If our audiences have less attention than a goldfish, it's important to push the right "hot buttons"
Did you know that the average attention span for a new idea, we page or piece of content is now only 8 seconds - compare that to a goldfish at 9 seconds. It’s pretty startling and when you observe your own behaviour, or mine at least, 8 seconds does feel like a short time. But it depends on the context, in this post, Dave Chaffey talks about a 2 second rule to get your message across as someone visits your site or social media outpost for the first time, comparing it to the 7 seconds we supposedly look at an outdoor billboard.
Rational vs Emotional Content
This got me thinking how so much content that we create does not take the huge lack of time into account. We write and create so much content. Of course there’s a time and place for the detail, our features need comparing, we believe, when a consumer is at purchase stage.
We’ve explored this with our content matrix, above. Here the aim is to aligh content types which leverage emotional and rational with awareness and purchase. It’s a useful graphic, though does still assume that we’re rational at point of purchase.
Of course, the shopping psychologists and experts, books such as Buy-ology and Why We Buy - will all tell you the science reveals two reasons as to why we buy - the rational reason and the real reason. It’s why cheap does not always win, why people smoke, drastically over-spend, and so on. The principle is that human purchase decisions are emotional, most certainly in the west where our needs are, for most people, more than met something explored by Maslow’s hierarchy of needs back in the 1940’s. I guess we human’s can easily construct logic, easily can post-rationalise.
The diagram above, from this Marketing Prof’s article, is great to take the Content Matrix to a deeper and detailed level. I like how the varying degree of logic is taken into account
Emotional wants vs needs
I don’t feel it’s safe to overstate logic in such a time starved. And the data, in this case by the IPA backs that up too - albeit advertising not content:
The IPA says
- In ‘Marketing in the Era of Accountability’, the IPA proved that emotional ads were 94% more effective than rational or informative ads.
- Creatively awarded campaigns are much more likely to be ‘emotional’ than ‘rational’ (44% vs. 19%).
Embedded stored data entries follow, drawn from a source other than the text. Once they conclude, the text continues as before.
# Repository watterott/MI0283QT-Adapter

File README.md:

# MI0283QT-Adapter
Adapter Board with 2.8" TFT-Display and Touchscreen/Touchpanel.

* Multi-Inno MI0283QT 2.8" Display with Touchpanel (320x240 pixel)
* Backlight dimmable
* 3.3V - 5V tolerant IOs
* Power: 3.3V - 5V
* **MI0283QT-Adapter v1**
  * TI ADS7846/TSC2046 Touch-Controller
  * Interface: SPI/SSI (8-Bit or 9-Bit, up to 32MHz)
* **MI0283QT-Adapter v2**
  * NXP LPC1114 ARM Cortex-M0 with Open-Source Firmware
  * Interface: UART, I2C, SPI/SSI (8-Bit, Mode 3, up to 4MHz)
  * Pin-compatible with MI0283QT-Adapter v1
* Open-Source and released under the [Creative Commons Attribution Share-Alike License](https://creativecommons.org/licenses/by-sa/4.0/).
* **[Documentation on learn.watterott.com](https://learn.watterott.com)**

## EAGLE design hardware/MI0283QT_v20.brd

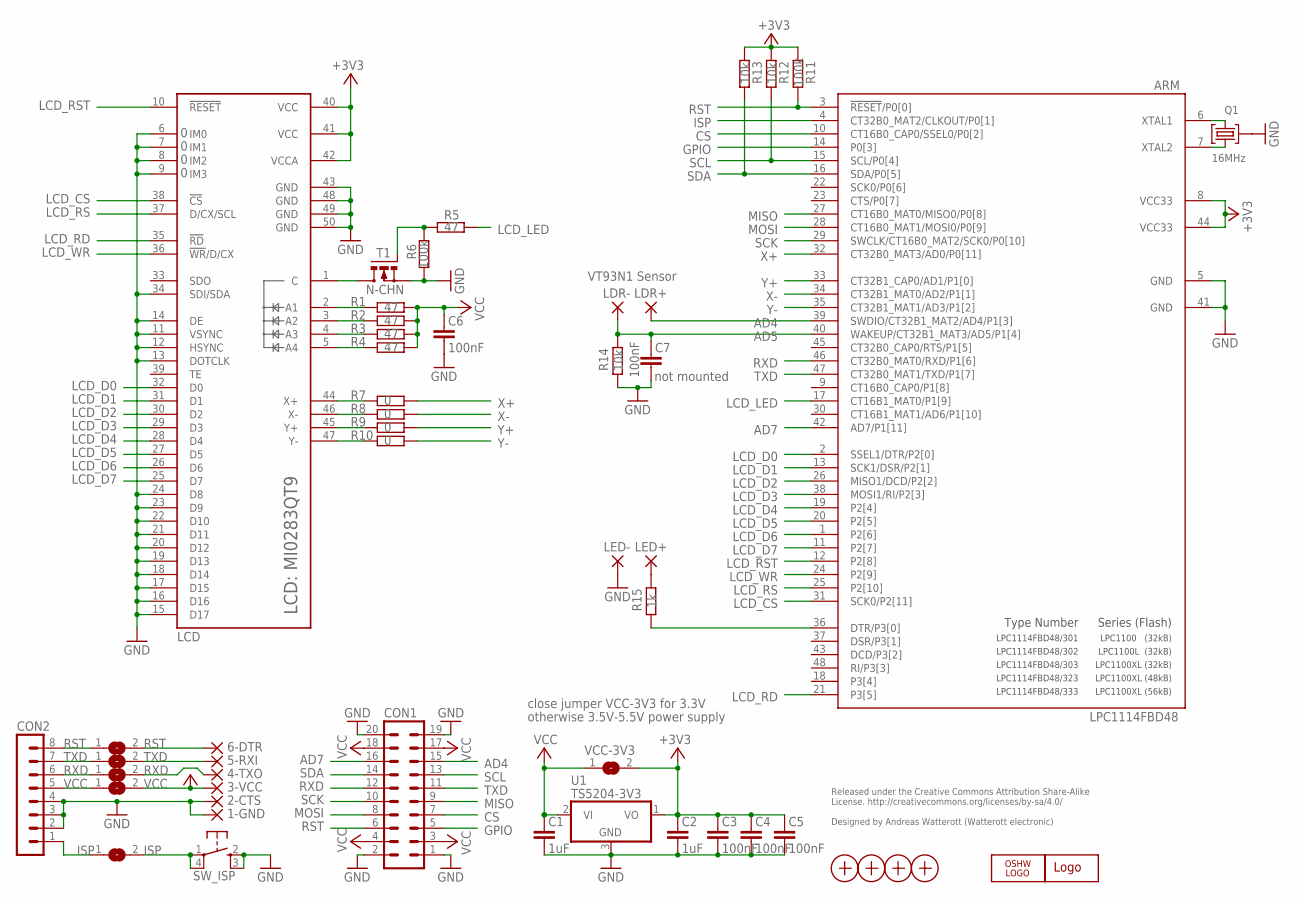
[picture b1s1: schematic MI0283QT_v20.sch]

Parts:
1-GND, 2-CTS, 3-VCC, 4-TXO, 5-RXI, 6-DTR: WIREPADSMD1,27-254; SMD1,27-2,54
ARM: LPC1114FBD48; LQFP48
C1, C2: 1uF; C0603
C3, C4, C5, C6, C7: 100nF; C0603
CON1: MA10-2
CON2: MA08-1
ISP: SJ
LCD: MI0283QT9
LDR+: WIREPAD2,15/1,0; 2,15/1,0
LDR-: WIREPAD2,15/1,0; 2,15/1,0
LED+: WIREPAD2,15/1,0; 2,15/1,0
LED-: WIREPAD2,15/1,0; 2,15/1,0
LOGO1: OSHW_LOGO_6MILX0150-NT; OSHW_6X150_NOTEXT
Q1: 16MHz; SMD_OSC_35X15
R1, R2, R3, R4, R5: 47; R0603
R6, R11: 100k; R0603
R7, R8, R9, R10: 0; R0603
R12, R13, R14: 10k; R0603
R15: 1k; R0603
RST: SJ
RXD: SJ
SW_ISP: SW_SMDS; SW_SMD4@1
T1: N-CHN; MICRO3
TXD: SJ
U1: TS5204-3V3; SOT23
U$1: WE-LOGO
VCC: SJ
VCC-3V3: SJ
X1, X2, X3, X4: PASSER

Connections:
+3V3: ARM.8 (VCC33), ARM.44 (VCC33), C2.1, C3.1, C4.1, C5.1, LCD.40 (VCC), LCD.41 (VCC), LCD.42 (VCCA), R11.2, R12.2, R13.2, U1.1 (VO), VCC-3V3.2
AD4: ARM.39 (SWDIO/CT32B1_MAT2/AD4/P1[3]), CON1.15, LDR+.1
AD5: ARM.40 (WAKEUP/CT32B1_MAT3/AD5/P1[4]), C7.1, LDR-.1, R14.2
AD7: ARM.42 (AD7/P1[11]), CON1.16
C: LCD.1 (C), T1.3 (D)
CS: ARM.10 (CT16B0_CAP0/SSEL0/P0[2]), CON1.7
C_ISP: CON2.1, ISP.1
C_RST: CON2.8, RST.1
C_RXD: CON2.6, RXD.1
C_TXD: CON2.7, TXD.1
C_VCC: CON2.5, VCC.1
GND: 1-GND.1, 2-CTS.1, ARM.5 (GND), ARM.41 (GND), C1.2, C2.2, C3.2, C4.2, C5.2, C6.2, C7.2, CON1.1, CON1.2, CON1.19, CON1.20, CON2.2, CON2.3, CON2.4, LCD.6 (IM0), LCD.7 (IM1), LCD.8 (IM2), LCD.9 (IM3), LCD.11 (VSYNC), LCD.12 (HSYNC), LCD.13 (DOTCLK), LCD.14 (DE), LCD.15 (D17), LCD.16 (D16), LCD.17 (D15), LCD.18 (D14), LCD.19 (D13), LCD.20 (D12), LCD.21 (D11), LCD.22 (D10), LCD.23 (D9), LCD.24 (D8), LCD.34 (SDI/SDA), LCD.43 (GND), LCD.48 (GND), LCD.49 (GND), LCD.50 (GND), LED-.1, Q1.GND, R6.2, R14.1, SW_ISP.2 (S), SW_ISP.3 (S1), T1.2 (S), U1.3 (GND)
GPIO: ARM.14 (P0[3]), CON1.5
ISP: ARM.4 (CT32B0_MAT2/CLKOUT/P0[1]), ISP.2, SW_ISP.1, SW_ISP.4 (P1)
LCD_CS: ARM.31 (SCK0/P2[11]), LCD.38 (!CS)
LCD_D0: ARM.2 (SSEL1/DTR/P2[0]), LCD.32 (D0)
LCD_D1: ARM.13 (SCK1/DSR/P2[1]), LCD.31 (D1)
LCD_D2: ARM.26 (MISO1/DCD/P2[2]), LCD.30 (D2)
LCD_D3: ARM.38 (MOSI1/RI/P2[3]), LCD.29 (D3)
LCD_D4: ARM.19 (P2[4]), LCD.28 (D4)
LCD_D5: ARM.20 (P2[5]), LCD.27 (D5)
LCD_D6: ARM.1 (P2[6]), LCD.26 (D6)
LCD_D7: ARM.11 (P2[7]), LCD.25 (D7)
LCD_LED: ARM.17 (CT16B1_MAT0/P1[9]), R5.2
LCD_RD: ARM.21 (P3[5]), LCD.35 (!RD)
LCD_RS: ARM.25 (P2[10]), LCD.37 (D/CX/SCL)
LCD_RST: ARM.12 (P2[8]), LCD.10 (!RESET)
LCD_WR: ARM.24 (P2[9]), LCD.36 (!WR!/D/CX)
LED: ARM.36 (DTR/P3[0]), R15.1
LEDPWM: R5.1, R6.1, T1.1 (G)
LED_A1: LCD.2 (A1), R1.1
LED_A2: LCD.3 (A2), R2.1
LED_A3: LCD.4 (A3), R3.1
LED_A4: LCD.5 (A4), R4.1
MISO: ARM.27 (CT16B0_MAT0/MISO0/P0[8]), CON1.9
MOSI: ARM.28 (CT16B0_MAT1/MOSI0/P0[9]), CON1.8
unnamed: ARM.6 (XTAL1), Q1.2
unnamed: ARM.7 (XTAL2), Q1.1
unnamed: LED+.1, R15.2
RST: 6-DTR.1, ARM.3 (!RESET!/P0[0]), CON1.6, R11.1, RST.2
RXD: 4-TXO.1, ARM.46 (CT32B0_MAT0/RXD/P1[6]), CON1.12, RXD.2
SCK: ARM.29 (SWCLK/CT16B0_MAT2/SCK0/P0[10]), CON1.10
SCL: ARM.15 (SCL/P0[4]), CON1.13, R12.1
SDA: ARM.16 (SDA/P0[5]), CON1.14, R13.1
TXD: 5-RXI.1, ARM.47 (CT32B0_MAT1/TXD/P1[7]), CON1.11, TXD.2
VCC: 3-VCC.1, C1.1, C6.1, CON1.3, CON1.4, CON1.17, CON1.18, R1.2, R2.2, R3.2, R4.2, U1.2 (VI), VCC.2, VCC-3V3.1
X+: ARM.32 (CT32B0_MAT3/AD0/P0[11]), R7.2
X-: ARM.34 (CT32B1_MAT0/AD2/P1[1]), R8.2
XM: LCD.46 (X-), R8.1
XP: LCD.44 (X+), R7.1
Y+: ARM.33 (CT32B1_CAP0/AD1/P1[0]), R9.2
Y-: ARM.35 (CT32B1_MAT1/AD3/P1[2]), R10.2
YM: LCD.47 (Y-), R10.1
YP: LCD.45 (Y+), R9.1

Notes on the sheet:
Released under the Creative Commons Attribution Share-Alike License. http://creativecommons.org/licenses/by-sa/4.0/ Designed by Andreas Watterott (Watterott electronic)
LPC1100 (32kB)
LPC1100L (32kB)
LPC1100XL (32kB)
LPC1100XL (48kB)
LPC1100XL (56kB)
Type Number
Series (Flash)
LPC1114FBD48/301
LPC1114FBD48/302
LPC1114FBD48/303
LPC1114FBD48/323
LPC1114FBD48/333
not mounted
VT93N1 Sensor
otherwise 3.5V-5.5V power supply
close jumper VCC-3V3 for 3.3V

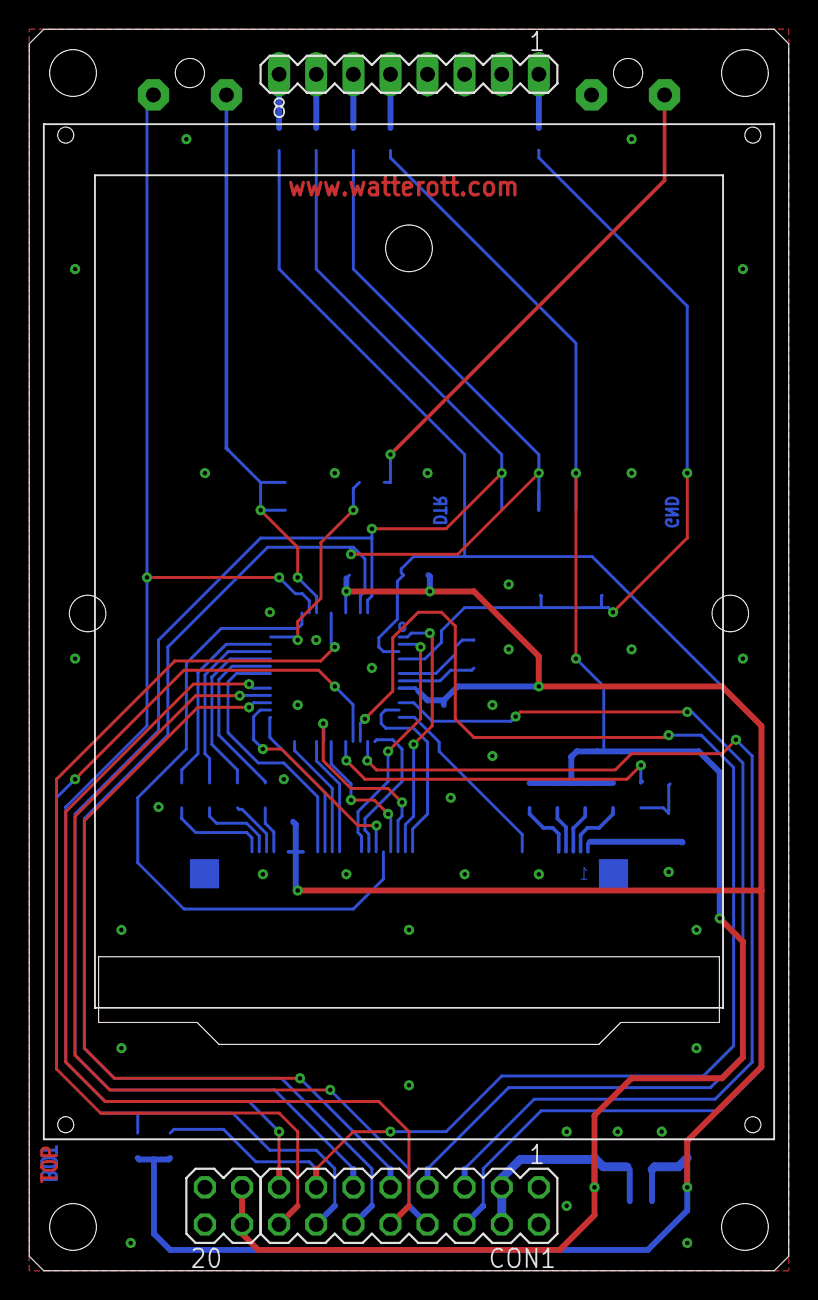
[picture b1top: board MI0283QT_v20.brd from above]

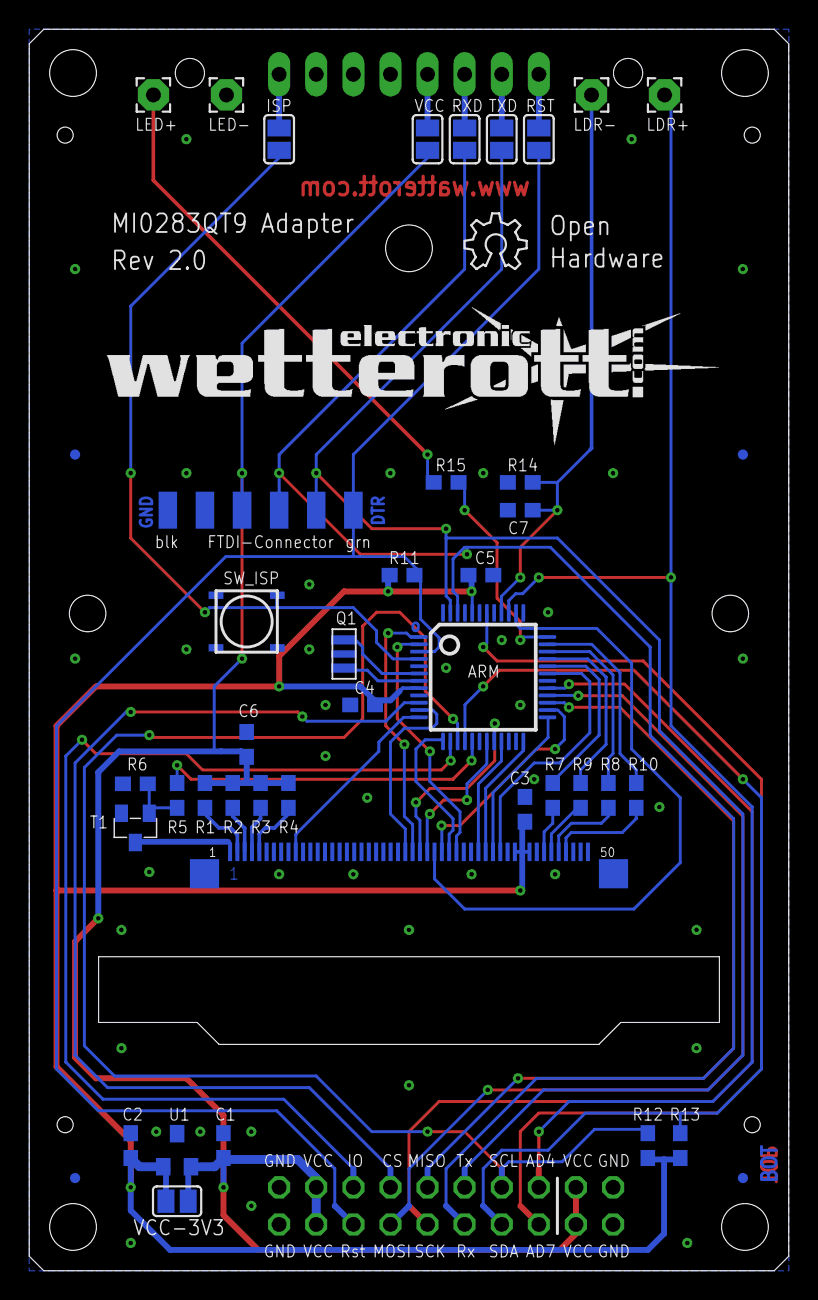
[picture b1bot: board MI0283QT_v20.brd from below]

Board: 2 copper layers, 52.0 x 85.0 mm, 52 parts (49 on the bottom side), 54 nets.

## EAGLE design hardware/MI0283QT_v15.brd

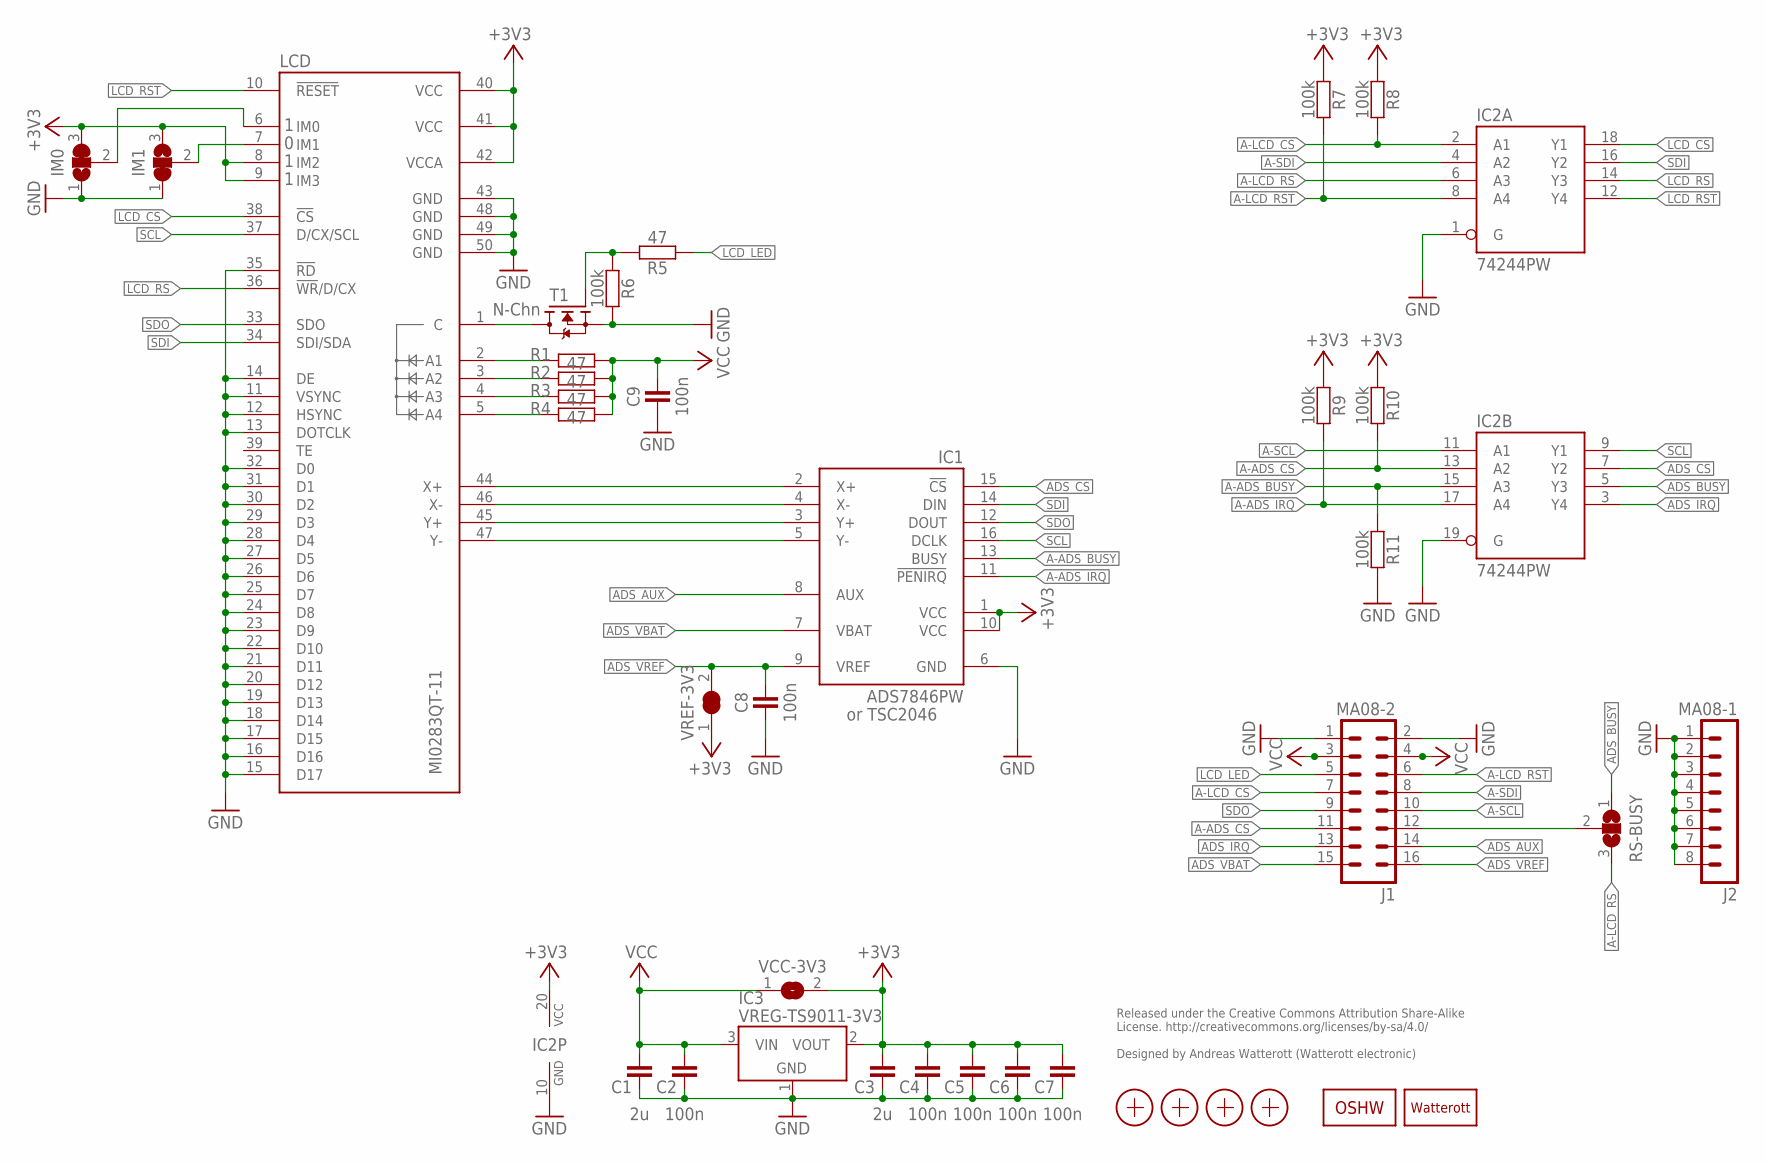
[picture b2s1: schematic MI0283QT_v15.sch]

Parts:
C1, C3: 2u; C0603
C2, C4, C5, C6, C7, C8, C9: 100n; C0402
IC1: ADS7846PW; TSSOP16
IC2: 74244PW; TSSOP20
IC3: VREG-TS9011-3V3; SOT23
IM0, IM1: JUMPER3-0603
J1: MA08-2
J2: MA08-1
LCD: MI0283QT-11; MI0283QT11
LOGO2: OSHW_LOGOX0150; OSHW_6X150
LOGO3: LOGO-PLACE; LOGO_TPLACE
R1, R2, R3, R4, R5: 47; C0402
R6, R7, R8, R9, R10, R11: 100k; C0402
RS-BUSY: JUMPER3-0603
T1: N-Chn; SOT23
VCC-3V3: JUMPER2-0603-NC; JUMPER2-0603_NC
VREF-3V3: JUMPER2-0603-NC; JUMPER2-0603_NC
X1, X2, X3, X4: PASSER-07; PASSER_07MM

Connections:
+3V3: C3.2, C4.2, C5.2, C6.2, C7.2, IC1.1 (VCC), IC1.10 (VCC), IC2.20 (VCC), IC3.2 (VOUT), IM0.3, IM1.3, LCD.8 (IM2), LCD.9 (IM3), LCD.40 (VCC), LCD.41 (VCC), LCD.42 (VCCA), R7.1, R8.1, R9.1, R10.1, VCC-3V3.2, VREF-3V3.1
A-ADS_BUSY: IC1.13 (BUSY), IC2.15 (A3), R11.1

- Creative campaigns are 12 times more efficient at delivering business success. The more creatively awarded, the more effective.
Emotional content?
In short we’re talking about the different between ‘need’ and ‘want’. And I wonder, in a marketing world all content focussed, are many really getting this human, emotional element right? Where are all the examples, really? A client asked me this earlier this week and there aren’t that many. Here’s 4 that we can learn from:
“The 16 Marketing Hot Buttons” - Sell the dream
But how do you do it? We’re comfortable with models and frameworks that align content buyer journeys and consumer behaviours, we really like the 3S model here, and the notion of Storytelling for consumer engagement offers the the steps and process. But what do you make those content stories about - what’s the consumer insight to build the story on? This is where the idea of Marketing Hot Buttons comes in. Barry Feig’s ‘Hot Buttons’ idea is basically about standing on the same emotional footing as your customer, connecting through an emotional benefit, you find out what motivates and inspires and align your brand to that - you’re adding to your product through imagery and association by appealing to their self image. What struck me is that the 16 ‘buttons’ that marketers can ‘push’ to get people to buy are things that we do (or could do) with content generation. We can see the examples above do that to a tee. The top needs that Feig identifies are:
- Control
- Superiority
- Discovery
- Family values
- Belonging
- Fun
- More time
- The best
- Self-achievement
- Helping others
- Reinventing oneself
There are an additional 5 in the book, which is a must-read, what do hot buttons does your consumer base have. How could you easily find out if you don’t know?
If you want content that connects, that engages and the deepest level to drive sale, then this has to be a great place to start for campaigns and content generation?